Однако близились перемены.

— Капеллан?

— Господин?

— Вы что, опять носом клюете?

Капеллан и не думал дремать. Он тайком приподнял уголок занавески на дверце кареты. Столько ехать — и не заскучать по миру? Это было бы противоестественно. Солнце сегодня светило ярко. Капеллан знал, что вдоль дороги по обе стороны тянутся ветвистые леса, но он отогнул занавеску только чуть-чуть и поэтому видел лишь золотистую полосу жухлой травы. Карета катилась так медленно. Сколько еще ехать до Ириона? Месяц? Два?

— Выглядываете тайком, да?

Капеллан учтиво отрицал подозрения командора. Он даже позволил себе благодушно рассмеяться. Мало кто решился бы на подобную дерзость.

— Вы забываете, господин, — мягко напомнил командору капеллан, — что я — человек избранный, посвященный. Порой я просто обязан сосредоточивать свои помыслы на любви и бесконечном милосердии бога Агониса.

— Я не забываю о том, что вы лицемер с хорошо подвешенным языком.

Колкость отозвалась болью в сердце капеллана. А ведь сам он был человеком искренним, и ему всегда казалось, что только так и стоит общаться с другими людьми. Лицо командора было закрыто широкой повязкой, но капеллану казалось, что спрятанные за повязкой глаза обжигают его пламенным взглядом, способным прожечь ткань его плотной, расшитой позументом мантии.

Глупости, конечно. После взрыва в Зензане командор почти ослеп, вот и прятал глаза за повязкой. И вот беда — велел держать занавески в карете закрытыми! Старик становился все более и более чудаковатым. Может быть, после взрыва в Зензане пострадало не только его тело, но и разум? Капеллан полагал, что это вполне вероятно.

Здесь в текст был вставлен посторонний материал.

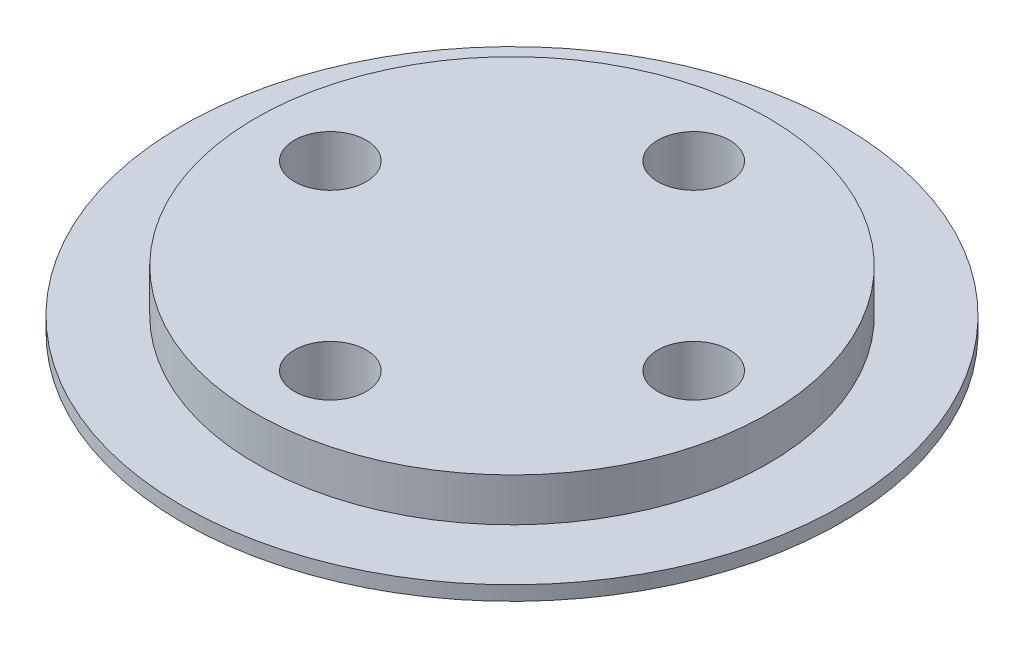
from build123d import *

# Parameters (mm, degrees)
SKETCH_3_R          = 12.5
CUT_EXTRUDE_1_DEPTH = 164.157898981


with BuildPart() as part:
    # 草圖2 → 旋轉1 (revolve)
    with BuildSketch(Plane.XY, mode=Mode.PRIVATE) as revolve_1_sk:
        Polygon((0, 0), (0, 20), (89, 20), (89, 5), (114.5, 5), (114.5, 0), align=None)
    revolve(revolve_1_sk.sketch.rotate(Axis((0, 0, 0), (0, 1, 0)), 90), axis=Axis((0, 0, 0), (0, 1, 0)))

    # 草圖3 → 除料-伸長1 (cut, through all)
    with BuildSketch(Plane(origin=(0, 20, 0), x_dir=(1, 0, 0), z_dir=(0, 1, 0))):
        with Locations(Location((0, 63.124852982, 0), (0, 0, 270))):
            Circle(SKETCH_3_R)
        with Locations(Location((63.124852982, 0, 0), (0, 0, 270))):
            Circle(SKETCH_3_R)
        with Locations(Location((0, -63.124852982, 0), (0, 0, 270))):
            Circle(SKETCH_3_R)
        with Locations(Location((-63.124852982, 0, 0), (0, 0, 270))):
            Circle(SKETCH_3_R)
    extrude(amount=-CUT_EXTRUDE_1_DEPTH, mode=Mode.SUBTRACT)


solid = part.part

Маленькие часы, подвешенные над головой у командора, пробили пятнадцать раз.

— Время для молитвы, — задушевно проговорил капеллан, сжал руки капитана и задумался о теме проповеди. Покачивание кареты подсказало ему тему.

Путешествие. Бог Агонис.

Поиски леди Имагенты…

Капеллан пробормотал несколько слов хвалебной молитвы, после чего произнес:

— Источник света, услышь наши молитвы! Взгляни на нас с милосердием и состраданием — мы, твои жалкие рабы, молим тебя. Мы греховно сошли с пути истинного. Мы падаем и спотыкаемся…

Карета подпрыгнула на ухабе. Расплывшаяся фигура командора угрожающе наклонилась вперед. Но капеллан не сбился.

— И лежим там, где упали, словно скотина в стойле… Да, это хорошо сказано.

— О милосерднейший, воззрись же на нас очами, полными слез, помоги нам найти силы для борьбы, для поиска добра, которое в один прекрасный день… зальет землю.

Предпоследнее слово капеллану подсказал зензанский слуга, подавший им с командором чай.

— Воззрись на нас, господь, подари нам надежду увидеть тебя. Восхвалим же все вместе господа и госпожу нашу.

— Восхвалим же все вместе господа и госпожу нашу. Откинувшись на спинку сиденья, капеллан изучал командора, но, правду сказать, не слишком старательно. Оливиан Тарли Вильдроп был печально знаменит своими жестокостями. Даже те, что воевали с ним рука об руку, не слишком одобряли тот путь, что он избрал для того, чтобы сделать карьеру. А к вершине карьеры Вильдроп шел по трупам. Среди красномундирников про Вильдропа говорили, будто он — кровожадный зверь, что с губ его капает слюна, как только он завидит жертву. Конечно, это было преувеличение — разве можно было подумать такое о симпатичном старике, сидевшем на мягком сиденье? От его былой лихости остались разве что пышные усы с загибающимися кверху кончиками.